An Effective Program to Reduce Malpractice Claims and Payments in a Large Orthopaedic Practice. 2024

William O Cooper, and Thomas W Doub, and Gerald B Hickson, and Virginia F Casey, and Damian F McHugh, and Peter Nonken, and Thomas F Catron, and Henry J Domenico, and James W Pichert
Center for Patient and Professional Advocacy, Vanderbilt University Medical Center, Nashville, Tennessee.

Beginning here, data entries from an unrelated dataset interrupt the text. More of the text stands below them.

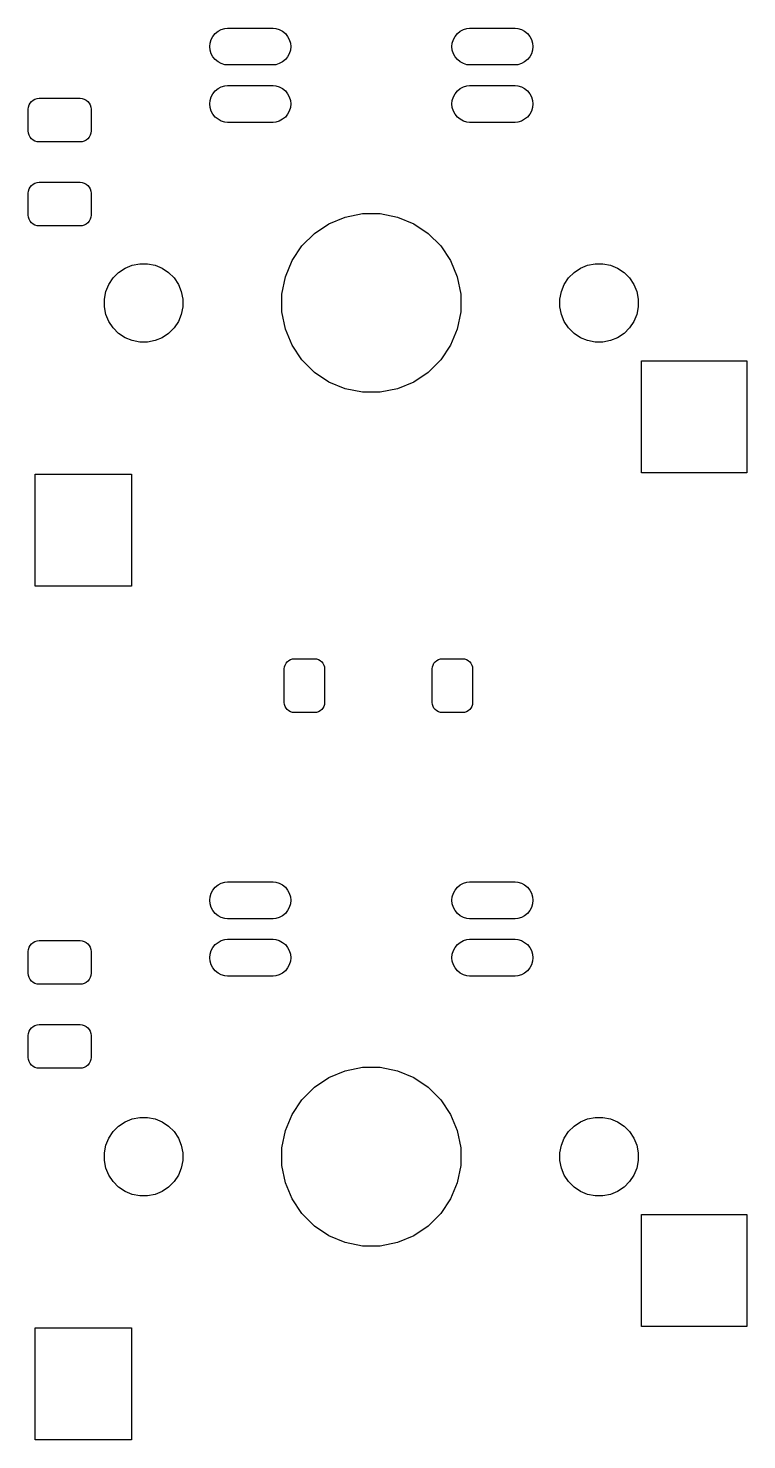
# Model space of a CAD drawing. Extents: x 100 to 259, y -126 to -47.
# Drawn here: x 223.33 to 239.36, y -84.9 to -53.4 of the extents above; entities that cross this region are included whole.
import ezdxf

# ---------------------------------------------------------------- set-up
doc = ezdxf.new("R2010")
doc.units = 0
doc.layers.add('BLACK', color=7, linetype='CONTINUOUS')

msp = doc.modelspace()

# ---------------------------------------------------------------- linework, layer by layer
at = {"layer": 'BLACK', "linetype": 'CONTINUOUS'}
for p, q in [((227.449, -53.5824), (227.5, -53.5199)), ((227.5, -53.5199), (227.562, -53.4687)), ((227.562, -53.4687), (227.634, -53.4306)), ((227.634, -53.4306), (227.711, -53.4072)), ((227.711, -53.4072), (227.771, -53.4012)), ((227.771, -53.4012), (228.791, -53.4012)), ((228.791, -53.4012), (228.852, -53.4072)), ((228.852, -53.4072), (228.929, -53.4306)), ((228.929, -53.4306), (229, -53.4687)), ((229, -53.4687), (229.063, -53.5199)), ((229.063, -53.5199), (229.114, -53.5824)), ((232.849, -53.5824), (232.9, -53.5199)), ((232.9, -53.5199), (232.962, -53.4687)), ((232.962, -53.4687), (233.034, -53.4306)), ((233.034, -53.4306), (233.111, -53.4072)), ((233.111, -53.4072), (233.171, -53.4012)), ((233.171, -53.4012), (234.191, -53.4012)), ((234.191, -53.4012), (234.252, -53.4072)), ((234.252, -53.4072), (234.329, -53.4306)), ((234.329, -53.4306), (234.4, -53.4687)), ((234.4, -53.4687), (234.463, -53.5199)), ((234.463, -53.5199), (234.514, -53.5824)), ((227.379, -53.8112), (227.387, -53.7309)), ((227.387, -53.8916), (227.379, -53.8112)), ((227.387, -53.7309), (227.411, -53.6536)), ((227.411, -53.6536), (227.449, -53.5824)), ((229.114, -53.5824), (229.152, -53.6536)), ((229.152, -53.6536), (229.175, -53.7309)), ((229.175, -53.7309), (229.183, -53.8112)), ((229.183, -53.8112), (229.175, -53.8916)), ((232.779, -53.8112), (232.787, -53.7309)), ((232.787, -53.8916), (232.779, -53.8112)), ((232.787, -53.7309), (232.811, -53.6536)), ((232.811, -53.6536), (232.849, -53.5824)), ((234.514, -53.5824), (234.552, -53.6536)), ((234.552, -53.6536), (234.575, -53.7309)), ((234.575, -53.7309), (234.583, -53.8112)), ((234.583, -53.8112), (234.575, -53.8916)), ((227.411, -53.9689), (227.387, -53.8916)), ((227.449, -54.0401), (227.411, -53.9689)), ((227.5, -54.1026), (227.449, -54.0401)), ((227.562, -54.1538), (227.5, -54.1026)), ((227.634, -54.1919), (227.562, -54.1538)), ((229, -54.1538), (228.929, -54.1919)), ((229.063, -54.1026), (229, -54.1538)), ((229.114, -54.0401), (229.063, -54.1026)), ((229.152, -53.9689), (229.114, -54.0401)), ((229.175, -53.8916), (229.152, -53.9689)), ((232.811, -53.9689), (232.787, -53.8916)), ((232.849, -54.0401), (232.811, -53.9689)), ((232.9, -54.1026), (232.849, -54.0401)), ((232.962, -54.1538), (232.9, -54.1026)), ((233.034, -54.1919), (232.962, -54.1538)), ((234.4, -54.1538), (234.329, -54.1919)), ((234.463, -54.1026), (234.4, -54.1538)), ((234.514, -54.0401), (234.463, -54.1026)), ((234.552, -53.9689), (234.514, -54.0401)), ((234.575, -53.8916), (234.552, -53.9689)), ((227.711, -54.2153), (227.634, -54.1919)), ((227.771, -54.2212), (227.711, -54.2153)), ((228.791, -54.2212), (227.771, -54.2212)), ((228.852, -54.2153), (228.791, -54.2212)), ((228.929, -54.1919), (228.852, -54.2153)), ((233.111, -54.2153), (233.034, -54.1919)), ((233.171, -54.2212), (233.111, -54.2153)), ((234.191, -54.2212), (233.171, -54.2212)), ((234.252, -54.2153), (234.191, -54.2212)), ((234.329, -54.1919), (234.252, -54.2153)), ((227.449, -54.8624), (227.5, -54.7999)), ((227.5, -54.7999), (227.562, -54.7487)), ((227.562, -54.7487), (227.634, -54.7106)), ((227.634, -54.7106), (227.711, -54.6872)), ((227.711, -54.6872), (227.771, -54.6812)), ((227.771, -54.6812), (228.791, -54.6812)), ((228.791, -54.6812), (228.852, -54.6872)), ((228.852, -54.6872), (228.929, -54.7106)), ((228.929, -54.7106), (229, -54.7487)), ((229, -54.7487), (229.063, -54.7999)), ((229.063, -54.7999), (229.114, -54.8624)), ((232.849, -54.8624), (232.9, -54.7999)), ((232.9, -54.7999), (232.962, -54.7487)), ((232.962, -54.7487), (233.034, -54.7106)), ((233.034, -54.7106), (233.111, -54.6872)), ((233.111, -54.6872), (233.171, -54.6812)), ((233.171, -54.6812), (234.191, -54.6812)), ((234.191, -54.6812), (234.252, -54.6872)), ((234.252, -54.6872), (234.329, -54.7106)), ((234.329, -54.7106), (234.4, -54.7487)), ((234.4, -54.7487), (234.463, -54.7999)), ((234.463, -54.7999), (234.514, -54.8624)), ((223.333, -55.1592), (223.347, -55.1135)), ((223.347, -55.1135), (223.369, -55.0713)), ((223.369, -55.0713), (223.399, -55.0344)), ((223.399, -55.0344), (223.436, -55.0041)), ((223.436, -55.0041), (223.478, -54.9816)), ((223.478, -54.9816), (223.524, -54.9677)), ((223.524, -54.9677), (223.572, -54.963)), ((223.572, -54.963), (224.484, -54.963)), ((224.484, -54.963), (224.532, -54.9677)), ((224.532, -54.9677), (224.578, -54.9816)), ((224.578, -54.9816), (224.62, -55.0041)), ((224.62, -55.0041), (224.657, -55.0344)), ((224.657, -55.0344), (224.687, -55.0713)), ((224.687, -55.0713), (224.709, -55.1135)), ((224.709, -55.1135), (224.723, -55.1592)), ((227.379, -55.0912), (227.387, -55.0109)), ((227.387, -55.1716), (227.379, -55.0912)), ((227.387, -55.0109), (227.411, -54.9336)), ((227.411, -54.9336), (227.449, -54.8624)), ((229.114, -54.8624), (229.152, -54.9336)), ((229.152, -54.9336), (229.175, -55.0109)), ((229.175, -55.0109), (229.183, -55.0912)), ((229.183, -55.0912), (229.175, -55.1716)), ((232.779, -55.0912), (232.787, -55.0109)), ((232.787, -55.1716), (232.779, -55.0912)), ((232.787, -55.0109), (232.811, -54.9336)), ((232.811, -54.9336), (232.849, -54.8624)), ((234.514, -54.8624), (234.552, -54.9336)), ((234.552, -54.9336), (234.575, -55.0109)), ((234.575, -55.0109), (234.583, -55.0912)), ((234.583, -55.0912), (234.575, -55.1716)), ((223.328, -55.2067), (223.333, -55.1592)), ((223.328, -55.6942), (223.328, -55.2067)), ((224.723, -55.1592), (224.728, -55.2067)), ((224.728, -55.2067), (224.728, -55.6942)), ((227.411, -55.2489), (227.387, -55.1716)), ((227.449, -55.3201), (227.411, -55.2489)), ((227.5, -55.3826), (227.449, -55.3201)), ((227.562, -55.4338), (227.5, -55.3826)), ((227.634, -55.4719), (227.562, -55.4338)), ((229, -55.4338), (228.929, -55.4719)), ((229.063, -55.3826), (229, -55.4338)), ((229.114, -55.3201), (229.063, -55.3826)), ((229.152, -55.2489), (229.114, -55.3201)), ((229.175, -55.1716), (229.152, -55.2489)), ((232.811, -55.2489), (232.787, -55.1716)), ((232.849, -55.3201), (232.811, -55.2489)), ((232.9, -55.3826), (232.849, -55.3201)), ((232.962, -55.4338), (232.9, -55.3826)), ((233.034, -55.4719), (232.962, -55.4338)), ((234.4, -55.4338), (234.329, -55.4719)), ((234.463, -55.3826), (234.4, -55.4338)), ((234.514, -55.3201), (234.463, -55.3826)), ((234.552, -55.2489), (234.514, -55.3201)), ((234.575, -55.1716), (234.552, -55.2489)), ((223.333, -55.7418), (223.328, -55.6942)), ((223.347, -55.7875), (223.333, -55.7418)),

BACKGROUND High reliability in health care requires a balance between intentionally designed systems and individual professional accountability. One element of accountability includes a process for addressing clinicians whose practices are associated with a disproportionate share of patient complaints. This study aimed to evaluate the impact of the Patient Advocacy Reporting System (PARS), a tiered intervention model to reduce patient complaints about clinicians. METHODS A retrospective cohort study was conducted involving a southeastern U.S. orthopaedic group practice. The study assessed the implementation of the PARS program and subsequent malpractice claims from 2004 to 2020. RESULTS The implementation of PARS was associated with an 83% reduction in malpractice claims cost per high-risk clinician after intervention (p = 0.05; Wilcoxon rank sum test). The overall practice group experienced an 87% reduction in mean annual claims cost per clinician (p = 0.007; segmented regression). The successful adoption required essential elements such as PARS champions, peer messengers, an Office of Patient Affairs, and a clear statement of practice values and professionalism expectations at the time of onboarding. CONCLUSIONS The PARS program was successfully adopted within a surgical specialty group as a part of ongoing risk prevention and management efforts. The period following PARS was associated with a retrospectively measured reduction in malpractice claim costs. The PARS program can be effectively implemented in a large, single-specialty orthopaedic practice setting and, although not necessarily causal, was, in our case, associated with a period of reduced malpractice claim costs. CONCLUSIONS We have learned in previous research that there are clear links between professionalism and patient outcomes (e.g., surgical complications), but agree that the focus here on medical malpractice is not directly clinical.